# [Task brief]
Exactly retype the lines of the material from its first line to the line with "normal blind 29", including both.

========

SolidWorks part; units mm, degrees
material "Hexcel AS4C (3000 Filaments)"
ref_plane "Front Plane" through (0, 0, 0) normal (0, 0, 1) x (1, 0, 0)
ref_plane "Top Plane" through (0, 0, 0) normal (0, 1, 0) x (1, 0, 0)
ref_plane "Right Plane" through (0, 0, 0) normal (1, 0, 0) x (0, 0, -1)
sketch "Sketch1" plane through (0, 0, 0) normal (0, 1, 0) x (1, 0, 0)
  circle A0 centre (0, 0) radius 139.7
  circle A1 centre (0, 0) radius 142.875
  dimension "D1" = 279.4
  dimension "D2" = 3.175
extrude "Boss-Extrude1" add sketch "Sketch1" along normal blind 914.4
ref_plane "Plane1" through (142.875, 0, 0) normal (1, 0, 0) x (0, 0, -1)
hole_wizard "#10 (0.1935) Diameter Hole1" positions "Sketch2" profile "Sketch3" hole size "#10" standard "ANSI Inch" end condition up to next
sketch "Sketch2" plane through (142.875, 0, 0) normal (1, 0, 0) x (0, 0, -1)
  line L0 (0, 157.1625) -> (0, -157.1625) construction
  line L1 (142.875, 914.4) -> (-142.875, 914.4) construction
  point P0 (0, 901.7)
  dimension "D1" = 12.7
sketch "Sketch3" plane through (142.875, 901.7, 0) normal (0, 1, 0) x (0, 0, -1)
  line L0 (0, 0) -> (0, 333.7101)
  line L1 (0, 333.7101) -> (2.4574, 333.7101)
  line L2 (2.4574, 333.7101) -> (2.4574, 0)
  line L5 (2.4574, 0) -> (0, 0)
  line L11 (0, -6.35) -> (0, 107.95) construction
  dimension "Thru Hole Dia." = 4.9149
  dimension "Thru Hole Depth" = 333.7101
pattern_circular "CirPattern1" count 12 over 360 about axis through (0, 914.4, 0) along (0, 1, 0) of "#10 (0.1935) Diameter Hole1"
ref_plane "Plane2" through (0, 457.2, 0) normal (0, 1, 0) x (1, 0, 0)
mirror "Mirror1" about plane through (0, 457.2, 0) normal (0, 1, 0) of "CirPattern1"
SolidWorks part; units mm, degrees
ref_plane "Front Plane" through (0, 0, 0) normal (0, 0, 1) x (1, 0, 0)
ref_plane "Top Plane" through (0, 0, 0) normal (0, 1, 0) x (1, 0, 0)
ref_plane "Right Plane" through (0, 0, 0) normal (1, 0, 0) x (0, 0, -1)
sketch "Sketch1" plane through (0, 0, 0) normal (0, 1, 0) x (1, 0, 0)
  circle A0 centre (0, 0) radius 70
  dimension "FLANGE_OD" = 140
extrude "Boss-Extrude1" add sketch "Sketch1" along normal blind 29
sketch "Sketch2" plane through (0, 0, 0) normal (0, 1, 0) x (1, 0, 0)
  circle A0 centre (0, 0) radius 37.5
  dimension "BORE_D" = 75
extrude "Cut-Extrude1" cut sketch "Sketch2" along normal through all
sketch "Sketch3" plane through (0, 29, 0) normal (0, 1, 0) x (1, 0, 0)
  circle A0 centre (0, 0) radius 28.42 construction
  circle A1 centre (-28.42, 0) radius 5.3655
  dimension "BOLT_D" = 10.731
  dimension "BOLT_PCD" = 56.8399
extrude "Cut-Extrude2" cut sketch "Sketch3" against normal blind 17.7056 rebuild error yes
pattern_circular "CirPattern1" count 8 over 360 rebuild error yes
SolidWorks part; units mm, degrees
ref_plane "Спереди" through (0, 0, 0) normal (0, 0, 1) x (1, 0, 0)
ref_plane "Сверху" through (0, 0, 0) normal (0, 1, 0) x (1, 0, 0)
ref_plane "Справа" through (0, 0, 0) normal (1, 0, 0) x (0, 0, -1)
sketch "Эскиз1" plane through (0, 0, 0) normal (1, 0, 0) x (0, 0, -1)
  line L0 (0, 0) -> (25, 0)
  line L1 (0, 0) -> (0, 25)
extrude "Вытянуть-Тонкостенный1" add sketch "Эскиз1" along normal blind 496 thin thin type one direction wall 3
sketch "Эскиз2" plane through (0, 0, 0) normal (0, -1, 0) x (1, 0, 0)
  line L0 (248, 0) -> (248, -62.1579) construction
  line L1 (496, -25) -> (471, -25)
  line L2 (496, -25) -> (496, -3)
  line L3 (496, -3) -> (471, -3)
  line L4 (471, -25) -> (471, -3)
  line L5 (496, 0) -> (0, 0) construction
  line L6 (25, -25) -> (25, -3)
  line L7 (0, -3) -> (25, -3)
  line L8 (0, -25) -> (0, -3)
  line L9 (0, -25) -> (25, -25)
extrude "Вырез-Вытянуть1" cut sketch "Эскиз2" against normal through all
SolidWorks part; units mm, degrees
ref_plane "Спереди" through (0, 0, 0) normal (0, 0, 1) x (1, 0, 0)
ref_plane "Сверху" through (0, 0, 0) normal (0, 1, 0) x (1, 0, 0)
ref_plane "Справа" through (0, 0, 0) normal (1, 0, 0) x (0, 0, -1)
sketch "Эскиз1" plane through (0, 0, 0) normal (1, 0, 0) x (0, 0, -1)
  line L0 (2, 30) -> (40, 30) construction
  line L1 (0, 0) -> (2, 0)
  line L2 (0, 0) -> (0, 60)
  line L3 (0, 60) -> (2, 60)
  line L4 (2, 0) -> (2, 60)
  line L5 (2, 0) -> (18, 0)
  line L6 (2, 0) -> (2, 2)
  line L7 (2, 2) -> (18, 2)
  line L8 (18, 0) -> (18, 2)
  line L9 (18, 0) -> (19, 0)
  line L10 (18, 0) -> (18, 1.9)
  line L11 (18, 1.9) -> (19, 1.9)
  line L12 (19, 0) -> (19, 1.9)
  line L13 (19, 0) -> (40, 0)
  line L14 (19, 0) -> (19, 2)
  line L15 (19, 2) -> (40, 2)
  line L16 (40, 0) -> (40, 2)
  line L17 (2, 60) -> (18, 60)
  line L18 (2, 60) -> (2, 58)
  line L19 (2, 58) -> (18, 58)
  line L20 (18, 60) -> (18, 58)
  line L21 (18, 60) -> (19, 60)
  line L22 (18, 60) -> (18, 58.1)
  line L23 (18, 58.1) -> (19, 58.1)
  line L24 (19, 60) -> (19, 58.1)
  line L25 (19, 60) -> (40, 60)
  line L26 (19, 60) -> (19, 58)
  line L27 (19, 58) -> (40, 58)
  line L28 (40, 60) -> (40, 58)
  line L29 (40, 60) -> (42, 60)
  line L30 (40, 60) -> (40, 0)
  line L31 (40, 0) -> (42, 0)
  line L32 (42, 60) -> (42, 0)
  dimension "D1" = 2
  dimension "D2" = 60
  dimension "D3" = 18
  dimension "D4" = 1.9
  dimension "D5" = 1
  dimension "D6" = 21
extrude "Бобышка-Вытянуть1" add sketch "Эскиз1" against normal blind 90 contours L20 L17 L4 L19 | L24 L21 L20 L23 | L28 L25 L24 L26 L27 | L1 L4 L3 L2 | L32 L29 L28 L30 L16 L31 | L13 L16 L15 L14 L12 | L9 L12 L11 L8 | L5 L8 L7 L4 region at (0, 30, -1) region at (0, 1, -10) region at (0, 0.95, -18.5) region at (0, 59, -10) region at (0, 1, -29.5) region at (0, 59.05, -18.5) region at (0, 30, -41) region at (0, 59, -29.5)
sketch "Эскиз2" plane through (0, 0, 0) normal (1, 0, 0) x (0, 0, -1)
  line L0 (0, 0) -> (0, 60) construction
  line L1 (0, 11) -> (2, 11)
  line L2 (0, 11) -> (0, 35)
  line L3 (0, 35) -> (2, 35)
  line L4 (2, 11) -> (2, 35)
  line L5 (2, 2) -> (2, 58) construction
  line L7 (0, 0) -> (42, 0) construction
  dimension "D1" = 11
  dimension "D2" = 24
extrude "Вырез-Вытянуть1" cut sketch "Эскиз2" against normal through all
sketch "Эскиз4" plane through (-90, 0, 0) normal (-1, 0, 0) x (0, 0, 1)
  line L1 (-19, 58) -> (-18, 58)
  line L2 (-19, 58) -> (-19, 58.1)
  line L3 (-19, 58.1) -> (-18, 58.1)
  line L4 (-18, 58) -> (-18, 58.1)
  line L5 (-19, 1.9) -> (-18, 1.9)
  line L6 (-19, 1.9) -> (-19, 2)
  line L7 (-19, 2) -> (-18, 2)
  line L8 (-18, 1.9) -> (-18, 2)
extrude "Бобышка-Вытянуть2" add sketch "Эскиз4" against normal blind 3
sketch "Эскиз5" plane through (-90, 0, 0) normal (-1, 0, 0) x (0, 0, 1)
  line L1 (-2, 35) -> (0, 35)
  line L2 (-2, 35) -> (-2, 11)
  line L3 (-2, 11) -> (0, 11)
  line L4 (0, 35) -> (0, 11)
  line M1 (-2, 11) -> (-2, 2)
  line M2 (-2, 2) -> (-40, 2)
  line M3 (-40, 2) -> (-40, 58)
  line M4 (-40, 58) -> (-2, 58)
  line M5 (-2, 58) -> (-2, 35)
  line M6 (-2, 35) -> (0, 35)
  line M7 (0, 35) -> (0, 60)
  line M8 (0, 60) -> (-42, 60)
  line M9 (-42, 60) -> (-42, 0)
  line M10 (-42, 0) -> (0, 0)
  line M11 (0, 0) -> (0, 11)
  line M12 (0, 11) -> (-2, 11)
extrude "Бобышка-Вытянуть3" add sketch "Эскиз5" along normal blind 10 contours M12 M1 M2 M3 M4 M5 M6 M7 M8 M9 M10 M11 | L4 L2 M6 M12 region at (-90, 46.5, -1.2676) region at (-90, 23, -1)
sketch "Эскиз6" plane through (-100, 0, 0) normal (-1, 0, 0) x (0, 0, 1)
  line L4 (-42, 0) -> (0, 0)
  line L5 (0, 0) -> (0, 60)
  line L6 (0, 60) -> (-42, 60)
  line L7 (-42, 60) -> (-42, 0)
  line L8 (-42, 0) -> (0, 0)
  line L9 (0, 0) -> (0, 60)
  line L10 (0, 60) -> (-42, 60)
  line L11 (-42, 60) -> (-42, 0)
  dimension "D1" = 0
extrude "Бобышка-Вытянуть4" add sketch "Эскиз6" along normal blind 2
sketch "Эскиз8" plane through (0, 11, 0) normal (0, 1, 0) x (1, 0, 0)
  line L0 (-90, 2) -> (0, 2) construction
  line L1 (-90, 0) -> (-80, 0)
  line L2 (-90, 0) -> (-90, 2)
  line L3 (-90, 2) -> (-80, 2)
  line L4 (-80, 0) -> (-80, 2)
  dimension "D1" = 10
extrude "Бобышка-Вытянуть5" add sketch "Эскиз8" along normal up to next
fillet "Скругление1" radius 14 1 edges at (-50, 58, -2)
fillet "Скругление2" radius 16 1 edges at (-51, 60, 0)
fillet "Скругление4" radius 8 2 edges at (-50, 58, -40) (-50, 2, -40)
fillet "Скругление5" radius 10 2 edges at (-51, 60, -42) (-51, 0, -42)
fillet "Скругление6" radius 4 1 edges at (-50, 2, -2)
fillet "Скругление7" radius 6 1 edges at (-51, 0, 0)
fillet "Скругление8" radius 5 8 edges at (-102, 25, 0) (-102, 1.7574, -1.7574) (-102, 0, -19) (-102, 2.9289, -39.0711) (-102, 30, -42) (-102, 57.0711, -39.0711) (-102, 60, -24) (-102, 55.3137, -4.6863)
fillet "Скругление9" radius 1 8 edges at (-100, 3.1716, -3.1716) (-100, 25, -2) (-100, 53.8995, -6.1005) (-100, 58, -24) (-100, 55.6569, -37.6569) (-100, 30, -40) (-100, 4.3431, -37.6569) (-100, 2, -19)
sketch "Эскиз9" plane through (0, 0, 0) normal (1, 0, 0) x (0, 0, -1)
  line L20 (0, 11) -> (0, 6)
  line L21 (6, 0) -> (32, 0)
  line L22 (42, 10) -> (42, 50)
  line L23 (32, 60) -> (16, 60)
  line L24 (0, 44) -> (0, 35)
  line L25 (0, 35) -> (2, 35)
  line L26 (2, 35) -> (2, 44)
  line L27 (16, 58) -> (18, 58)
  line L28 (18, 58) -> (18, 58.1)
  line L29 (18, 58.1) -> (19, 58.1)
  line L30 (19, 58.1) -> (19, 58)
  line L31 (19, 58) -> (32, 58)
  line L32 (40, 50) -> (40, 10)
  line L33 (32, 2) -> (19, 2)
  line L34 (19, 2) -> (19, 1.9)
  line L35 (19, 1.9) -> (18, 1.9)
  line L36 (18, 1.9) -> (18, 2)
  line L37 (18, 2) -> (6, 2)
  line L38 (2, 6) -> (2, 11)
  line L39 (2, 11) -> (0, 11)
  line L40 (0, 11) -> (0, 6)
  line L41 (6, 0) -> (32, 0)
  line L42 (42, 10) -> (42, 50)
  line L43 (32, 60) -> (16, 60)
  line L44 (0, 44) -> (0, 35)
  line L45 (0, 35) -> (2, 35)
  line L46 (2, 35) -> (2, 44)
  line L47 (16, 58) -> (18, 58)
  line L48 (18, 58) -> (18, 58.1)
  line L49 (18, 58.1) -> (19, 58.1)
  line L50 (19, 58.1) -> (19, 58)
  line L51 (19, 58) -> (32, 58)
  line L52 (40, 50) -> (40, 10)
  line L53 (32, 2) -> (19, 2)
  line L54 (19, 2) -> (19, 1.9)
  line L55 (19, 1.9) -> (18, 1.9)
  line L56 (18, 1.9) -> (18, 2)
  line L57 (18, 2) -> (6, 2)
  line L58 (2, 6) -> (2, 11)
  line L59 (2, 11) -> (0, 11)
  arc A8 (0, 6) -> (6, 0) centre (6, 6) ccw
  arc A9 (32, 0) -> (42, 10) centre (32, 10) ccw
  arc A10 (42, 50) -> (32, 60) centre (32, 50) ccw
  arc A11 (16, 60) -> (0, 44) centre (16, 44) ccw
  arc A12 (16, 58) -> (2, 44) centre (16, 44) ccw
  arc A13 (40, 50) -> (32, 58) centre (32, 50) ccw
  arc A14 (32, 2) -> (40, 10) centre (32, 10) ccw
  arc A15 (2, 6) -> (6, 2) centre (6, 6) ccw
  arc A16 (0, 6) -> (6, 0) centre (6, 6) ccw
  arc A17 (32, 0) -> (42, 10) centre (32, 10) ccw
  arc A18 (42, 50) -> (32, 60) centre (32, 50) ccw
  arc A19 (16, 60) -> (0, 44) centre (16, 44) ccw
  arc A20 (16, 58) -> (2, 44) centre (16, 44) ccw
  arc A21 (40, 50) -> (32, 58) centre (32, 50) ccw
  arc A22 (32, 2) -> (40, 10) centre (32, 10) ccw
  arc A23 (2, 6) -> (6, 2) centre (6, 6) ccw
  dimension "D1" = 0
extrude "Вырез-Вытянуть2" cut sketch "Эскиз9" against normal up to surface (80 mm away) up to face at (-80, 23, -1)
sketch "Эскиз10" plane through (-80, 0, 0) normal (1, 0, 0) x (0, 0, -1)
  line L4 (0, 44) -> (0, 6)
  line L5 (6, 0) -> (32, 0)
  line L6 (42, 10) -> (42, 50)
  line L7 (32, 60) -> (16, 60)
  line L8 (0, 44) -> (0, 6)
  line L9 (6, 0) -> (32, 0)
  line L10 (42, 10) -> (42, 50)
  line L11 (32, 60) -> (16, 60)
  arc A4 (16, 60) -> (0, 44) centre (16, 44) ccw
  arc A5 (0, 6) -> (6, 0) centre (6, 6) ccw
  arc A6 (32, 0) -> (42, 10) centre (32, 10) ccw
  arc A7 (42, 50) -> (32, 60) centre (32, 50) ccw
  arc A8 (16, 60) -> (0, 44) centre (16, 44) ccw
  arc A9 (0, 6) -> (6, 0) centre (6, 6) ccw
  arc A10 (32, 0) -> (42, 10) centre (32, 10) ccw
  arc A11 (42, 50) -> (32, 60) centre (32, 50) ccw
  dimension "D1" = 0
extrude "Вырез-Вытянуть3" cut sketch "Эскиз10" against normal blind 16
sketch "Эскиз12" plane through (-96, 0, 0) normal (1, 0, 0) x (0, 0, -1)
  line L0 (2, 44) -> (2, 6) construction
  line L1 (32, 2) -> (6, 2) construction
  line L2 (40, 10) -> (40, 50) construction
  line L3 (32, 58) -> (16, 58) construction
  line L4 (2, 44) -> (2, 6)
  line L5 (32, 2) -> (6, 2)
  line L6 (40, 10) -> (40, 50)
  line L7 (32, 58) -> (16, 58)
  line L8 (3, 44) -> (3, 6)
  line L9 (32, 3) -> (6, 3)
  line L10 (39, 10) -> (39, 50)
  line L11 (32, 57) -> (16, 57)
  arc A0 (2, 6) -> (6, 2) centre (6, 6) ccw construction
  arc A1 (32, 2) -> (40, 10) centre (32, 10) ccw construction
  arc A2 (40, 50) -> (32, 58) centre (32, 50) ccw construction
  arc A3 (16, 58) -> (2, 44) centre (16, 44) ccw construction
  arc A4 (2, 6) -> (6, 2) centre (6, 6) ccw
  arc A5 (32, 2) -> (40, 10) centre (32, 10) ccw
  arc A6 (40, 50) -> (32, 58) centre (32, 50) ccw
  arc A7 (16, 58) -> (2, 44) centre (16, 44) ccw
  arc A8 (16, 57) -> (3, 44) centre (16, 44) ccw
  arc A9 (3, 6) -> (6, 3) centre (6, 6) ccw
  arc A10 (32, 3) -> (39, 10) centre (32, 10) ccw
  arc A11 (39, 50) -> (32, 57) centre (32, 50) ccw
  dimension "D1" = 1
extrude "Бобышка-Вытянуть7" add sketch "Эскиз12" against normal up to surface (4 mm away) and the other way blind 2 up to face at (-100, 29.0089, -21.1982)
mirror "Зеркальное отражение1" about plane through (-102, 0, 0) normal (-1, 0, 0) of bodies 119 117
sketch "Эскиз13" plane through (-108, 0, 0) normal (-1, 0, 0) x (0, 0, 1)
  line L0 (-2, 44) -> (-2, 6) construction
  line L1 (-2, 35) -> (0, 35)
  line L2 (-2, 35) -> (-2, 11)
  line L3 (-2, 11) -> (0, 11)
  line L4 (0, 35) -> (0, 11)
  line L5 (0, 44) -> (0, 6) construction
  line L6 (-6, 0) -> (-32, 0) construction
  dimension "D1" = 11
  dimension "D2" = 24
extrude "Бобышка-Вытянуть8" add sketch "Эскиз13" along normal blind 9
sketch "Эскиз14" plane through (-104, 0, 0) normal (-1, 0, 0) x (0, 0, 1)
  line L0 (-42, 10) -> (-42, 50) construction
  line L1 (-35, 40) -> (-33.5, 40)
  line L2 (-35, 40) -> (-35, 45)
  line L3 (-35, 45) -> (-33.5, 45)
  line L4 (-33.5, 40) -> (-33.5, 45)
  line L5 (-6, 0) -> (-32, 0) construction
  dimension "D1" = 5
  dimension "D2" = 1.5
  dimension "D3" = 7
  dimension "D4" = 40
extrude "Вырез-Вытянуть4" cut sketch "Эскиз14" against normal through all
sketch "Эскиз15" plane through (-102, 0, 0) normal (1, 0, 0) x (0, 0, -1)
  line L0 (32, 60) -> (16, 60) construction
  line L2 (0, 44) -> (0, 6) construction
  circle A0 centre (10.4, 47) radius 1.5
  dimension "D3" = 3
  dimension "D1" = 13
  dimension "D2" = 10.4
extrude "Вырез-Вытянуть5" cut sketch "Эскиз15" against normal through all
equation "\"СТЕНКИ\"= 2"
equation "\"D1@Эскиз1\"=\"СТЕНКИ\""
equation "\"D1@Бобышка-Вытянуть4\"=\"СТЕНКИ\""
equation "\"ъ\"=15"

========

# [Answer box]
SolidWorks part; units mm, degrees
material "Hexcel AS4C (3000 Filaments)"
ref_plane "Front Plane" through (0, 0, 0) normal (0, 0, 1) x (1, 0, 0)
ref_plane "Top Plane" through (0, 0, 0) normal (0, 1, 0) x (1, 0, 0)
ref_plane "Right Plane" through (0, 0, 0) normal (1, 0, 0) x (0, 0, -1)
sketch "Sketch1" plane through (0, 0, 0) normal (0, 1, 0) x (1, 0, 0)
  circle A0 centre (0, 0) radius 139.7
  circle A1 centre (0, 0) radius 142.875
  dimension "D1" = 279.4
  dimension "D2" = 3.175
extrude "Boss-Extrude1" add sketch "Sketch1" along normal blind 914.4
ref_plane "Plane1" through (142.875, 0, 0) normal (1, 0, 0) x (0, 0, -1)
hole_wizard "#10 (0.1935) Diameter Hole1" positions "Sketch2" profile "Sketch3" hole size "#10" standard "ANSI Inch" end condition up to next
sketch "Sketch2" plane through (142.875, 0, 0) normal (1, 0, 0) x (0, 0, -1)
  line L0 (0, 157.1625) -> (0, -157.1625) construction
  line L1 (142.875, 914.4) -> (-142.875, 914.4) construction
  point P0 (0, 901.7)
  dimension "D1" = 12.7
sketch "Sketch3" plane through (142.875, 901.7, 0) normal (0, 1, 0) x (0, 0, -1)
  line L0 (0, 0) -> (0, 333.7101)
  line L1 (0, 333.7101) -> (2.4574, 333.7101)
  line L2 (2.4574, 333.7101) -> (2.4574, 0)
  line L5 (2.4574, 0) -> (0, 0)
  line L11 (0, -6.35) -> (0, 107.95) construction
  dimension "Thru Hole Dia." = 4.9149
  dimension "Thru Hole Depth" = 333.7101
pattern_circular "CirPattern1" count 12 over 360 about axis through (0, 914.4, 0) along (0, 1, 0) of "#10 (0.1935) Diameter Hole1"
ref_plane "Plane2" through (0, 457.2, 0) normal (0, 1, 0) x (1, 0, 0)
mirror "Mirror1" about plane through (0, 457.2, 0) normal (0, 1, 0) of "CirPattern1"
SolidWorks part; units mm, degrees
ref_plane "Front Plane" through (0, 0, 0) normal (0, 0, 1) x (1, 0, 0)
ref_plane "Top Plane" through (0, 0, 0) normal (0, 1, 0) x (1, 0, 0)
ref_plane "Right Plane" through (0, 0, 0) normal (1, 0, 0) x (0, 0, -1)
sketch "Sketch1" plane through (0, 0, 0) normal (0, 1, 0) x (1, 0, 0)
  circle A0 centre (0, 0) radius 70
  dimension "FLANGE_OD" = 140
extrude "Boss-Extrude1" add sketch "Sketch1" along normal blind 29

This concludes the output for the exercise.